Personally, I prefer to let unrecoverable exceptions rise up to some sort of central controller class, and log the error there. This only works if all the system invocations are passing through a single controller class, but this is often the case for web-apps (which is what I write). -
Exceptions that log themselves?[ Go to top ]
- Posted by: Ravi Srinivasan
- Posted on: April 29 2004 21:26 EDT
- in response to Paul Strack
But is this a best practice? Aren't we coupling two different functionalities? What if the developers start creating new exceptions but throw them to log? Is it being miss used or is it advantageous to use because of the stack trace and exception chaining?
Thanks
Ravi -
Exceptions that log themselves?[ Go to top ]
- Posted by: Ravi Srinivasan
- Posted on: April 29 2004 21:32 EDT
- in response to Ravi Srinivasan
Let me explain more...
try
{
... do something
}
catch(ExWithExceptionChain exToExtractStackTrace)
{
new SomeExceptionsThatLog("LogMeText", exToExtractStackTrace);
}
We aren't throwing SomeExceptionsThatLog here, but just create new instance that facilitates logging.
In other places we may use it like below:
try
{
}
catch(SomeOtherException soe)
{
throw new SomeExceptionsThatLog(...,...);
}
Is this appropriate? -
Exceptions that log themselves?[ Go to top ]
- Posted by: Ravi Srinivasan
- Posted on: April 29 2004 21:45 EDT
- in response to Ravi Srinivasan
Is it not better...to use an utility class to achieve the logging functionality and use exception as exception?
Thanks
Ravi -
Exceptions that log themselves?[ Go to top ]
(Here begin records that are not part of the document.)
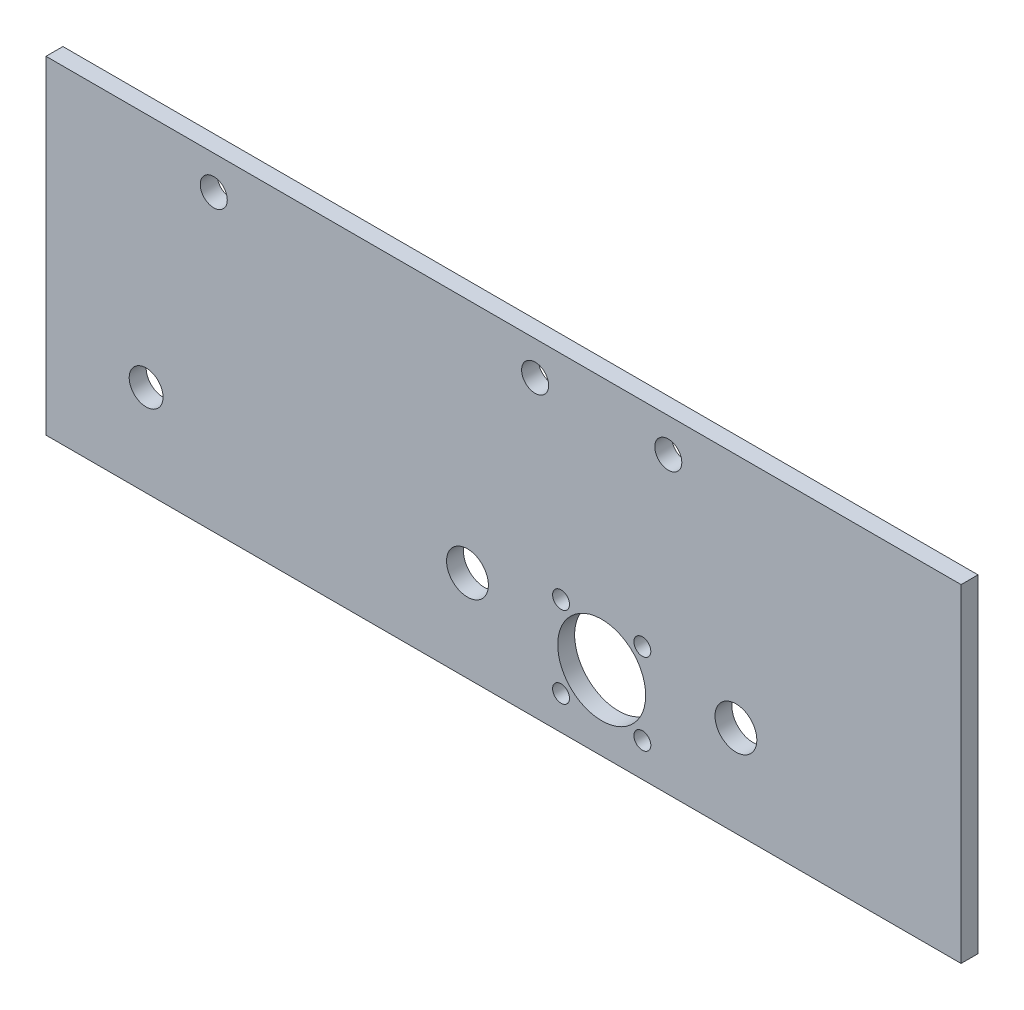
SolidWorks part; units mm, degrees
ref_plane "Спереди" through (0, 0, 0) normal (0, 0, 1) x (1, 0, 0)
ref_plane "Сверху" through (0, 0, 0) normal (0, 1, 0) x (1, 0, 0)
ref_plane "Справа" through (0, 0, 0) normal (1, 0, 0) x (0, 0, -1)
sketch "Эскиз1" plane through (0, 0, 0) normal (0, 0, 1) x (1, 0, 0)
  line L0 (-12.0208, 12.0208) -> (0, 0) construction
  line L1 (-164.3075, 75) -> (106.2638, 75)
  line L2 (-164.3075, 75) -> (-164.3075, -22.0208)
  line L3 (-164.3075, -22.0208) -> (106.2638, -22.0208)
  line L4 (106.2638, 75) -> (106.2638, -22.0208)
  line L5 (0, 0) -> (0, 75) construction
  line L6 (-39.6863, 5) -> (0, 0) construction
  circle A0 centre (0, 0) radius 13
  circle A1 centre (-12.0208, 12.0208) radius 2.5
  circle A2 centre (12.0208, 12.0208) radius 2.5
  circle A3 centre (12.0208, -12.0208) radius 2.5
  circle A4 centre (-12.0208, -12.0208) radius 2.5
  circle A5 centre (-39.6863, 5) radius 6.1833
  circle A6 centre (39.6863, 5) radius 6.1833
  circle A7 centre (-134.7052, 5) radius 5
  circle A8 centre (-19.6863, 65) radius 4
  circle A9 centre (19.6863, 65) radius 4
  circle A10 centre (-114.7052, 65) radius 4
  point P19 (0, 0)
  point P29 (-0.1499, 0.1499)
  point P30 (-36.3786, 16.6313)
  point P31 (-114.7052, 65)
  dimension "D2" = 5
  dimension "D4" = 26
  dimension "D9" = 8
  dimension "D1" = 45
  dimension "D3" = 17
  dimension "D6" = 60
  dimension "D7" = 20
  dimension "D8" = 20
  dimension "D10" = 10
  dimension "D11" = 10
  dimension "D12" = 40
  dimension "D13" = 5
  dimension "D5" = 4
extrude "Бобышка-Вытянуть1" add sketch "Эскиз1" along normal blind 5
equation "\"Диаметр резьбы редуктора\" = 4  'Диаметр резьбы на фланце"
equation "\"Глубина резьбы редуктора\" = 7  'Диаметр резьбы на фланце"
equation "\"Диаметр окружности расположения редуктора\" = 34  'Диаметр расположения резьбы на фланце"
equation "\"Диаметр бурта редуктора\" = 26  'Диаметр бурта на фланце (Посадка h7)"
equation "\"Угл сдвига редуктора\" = 45"
equation "\"D1@Эскиз1\"=\"Угл сдвига редуктора\""
equation "\"D2@Эскиз1\"=\"Диаметр резьбы редуктора\"+1"
equation "\"D3@Эскиз1\"=\"Диаметр окружности расположения редуктора\"/2"
equation "\"D4@Эскиз1\"=\"Диаметр бурта редуктора\""
equation "\"Толщина пластины\" = 5"
equation "\"Межосевое прижима Вертикаль\" = 20  '!!!"
equation "\"Межосевое прижима Горизонталь\" = 20  '!!!"
equation "\"D7@Эскиз1\"=\"Межосевое прижима Горизонталь\""
equation "\"D8@Эскиз1\"=\"Межосевое прижима Горизонталь\""
equation "\"D1@Бобышка-Вытянуть1\"=\"Толщина пластины\""
equation "\"D6@Эскиз1\"=\"Межосевое прижима Вертикаль\"+\"Внешний диаметр ролика\""
equation "\"Внешний диаметр ролика\" = 40  'Внешний диаметр ролика"
equation "\"Диаметр вала ролика\" = 8  '!!!"
equation "\"D9@Эскиз1\"=\"Диаметр вала ролика\""

- Posted by: Sanjaya Ganesh
- Posted on: April 29 2004 23:12 EDT
- in response to Ravi Srinivasan
Did somebody mention "Aspect Oriented Programming (AOP)"?
-Sanjay -
Exceptions that log themselves?[ Go to top ]
- Posted by: Paul Strack
- Posted on: April 30 2004 10:14 EDT
- in response to Ravi Srinivasan
Ravi, it sounds like you already have an answer to your own question.
You are correct, it is unusual to assume that the exceptions will log themselves, and this is not a typical way of implementing logging. The common practice is to use some logging utility, such as JDK 1.4 logging or Log4J.
There are lots of potential problems with self-logging exceptions:
1) Often the exception itself does not have enough meaningful information to create a good log entry.
2) Sometimes an exception is recoverable, and therefore should not be logged.
3) There is also the issue of existing exceptions, as I discussed above. -
Exceptions that log themselves?[ Go to top ]
- Posted by: Andreas Berg
- Posted on: May 03 2004 17:15 EDT
- in response to Paul Strack
If you do write exceptions that log themselves (which I would not recommend) be sure to add a level of abstraction. Your functional code should not have a tight relationship to technical implementations (the specific logging api).
My suggestion: business logic and related exceptions should not be aware of the environment. Put your logging code into application specific code (like your web controller), not into (potentially) reusable business logic.